**EXERCISE**: Your answer should be only the lines below from the one with "extrude(amount=F1_DEPTH)" to the one with "Rectangle(F2_W, F2_H)", repeated exactly, ends included.

**DATA FOR THE TASK**:
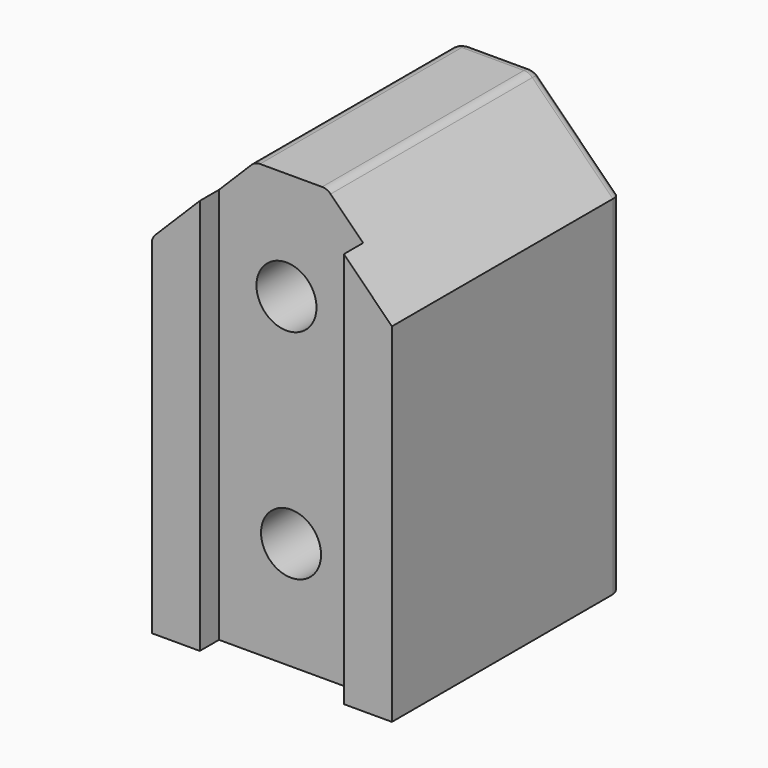
from build123d import *

# Parameters (mm, degrees)
F1_DEPTH    = 12
F2_W        = 6
F2_H        = 22.400515154
F4_DEPTH    = 1
F6_D        = 2.5
F6_DEPTH    = 9.5
F6_TIP      = 0.7510757738
F7_R        = 0.5
F8_T1_DEPTH = 4.7928932188
F8_T3_DEPTH = 6.7426406871
F9_R        = 0.5


# Not quite as in the source:
# - a fillet or chamfer that OpenCascade refuses, or shapes differently, is made with other operations: its cross-section is extruded or revolved along the edge and cut away or added


with BuildPart() as f1:
    # F0 (on Front) → F1 (new body)
    with BuildSketch(Plane.XZ):
        Polygon((0, 14.5), (0, 0), (10, 0), (10, 14.5), (6.5, 18), (3.5, 18), align=None)
    extrude(amount=F1_DEPTH)

    # F2 (on face) → F4 (cut)
    with BuildSketch(Plane.XZ.offset(12)):
        with Locations((5, 11.200257577)):
            Rectangle(F2_W, F2_H)
        Polygon((2, 16.5), (2, 0), (8, 0), (8, 16.5), (6.5, 18), (3.5, 18), align=None)
    extrude(amount=-F4_DEPTH, mode=Mode.SUBTRACT)

    # F6
    with Locations(Plane.XZ.offset(12)):
        with Locations((4.8096684931, 13.5), (5, 4.5)):
            Hole(F6_D / 2, depth=F6_DEPTH)
            with Locations((0, 0, -(F6_DEPTH + F6_TIP / 2))):  # 118° drill point
                Cone(0, F6_D / 2, F6_TIP, mode=Mode.SUBTRACT)

    # F7
    f7_edges = [f1.edges().sort_by_distance(p)[0] for p in [
        (10, 0, 7.25),
        (8.25, 0, 16.25),
        (0, 0, 7.25),
        (5, 0, 0),
    ]]
    fillet(f7_edges, radius=F7_R)

    # F8: fillet of radius 0.5 on 2 edges, made by hand

    # F8_s2 → F8_t1 (cut)
    with BuildSketch(Plane.YZ.offset(2.25)):
        with BuildLine():
            ThreePointArc((0, 17.5), (-0.1464466094, 17.8535533906), (-0.5, 18))
            Line((-0.5, 18), (0, 18))
            Line((0, 18), (0, 17.5))
        make_face()
    extrude(amount=F8_T1_DEPTH, mode=Mode.SUBTRACT)

    # F8_s4 → F8_t3 (cut)
    with BuildSketch(Plane(origin=(11.6338834765, 0, 11.6338834765), x_dir=(0, 1, 0), z_dir=(-0.7071067812, 0, -0.7071067812))):
        with BuildLine():
            ThreePointArc((-0.5, -10.2530483272), (-0.1464466094, -10.1066017178), (0, -9.7530483272))
            Line((0, -9.7530483272), (0, -10.2530483272))
            Line((0, -10.2530483272), (-0.5, -10.2530483272))
        make_face()
    extrude(amount=F8_T3_DEPTH, mode=Mode.SUBTRACT)

    # F9
    f9_edges = [f1.edges().sort_by_distance(p)[0] for p in [
        (3.5, -5.75, 18),
        (0, -6.25, 14.5),
        (6.5, -5.75, 18),
    ]]
    fillet(f9_edges, radius=F9_R)


solid = f1.part

**RESPONSE TO THIS EXERCISE**:
    extrude(amount=F1_DEPTH)

    # F2 (on face) → F4 (cut)
    with BuildSketch(Plane.XZ.offset(12)):
        with Locations((5, 11.200257577)):
            Rectangle(F2_W, F2_H)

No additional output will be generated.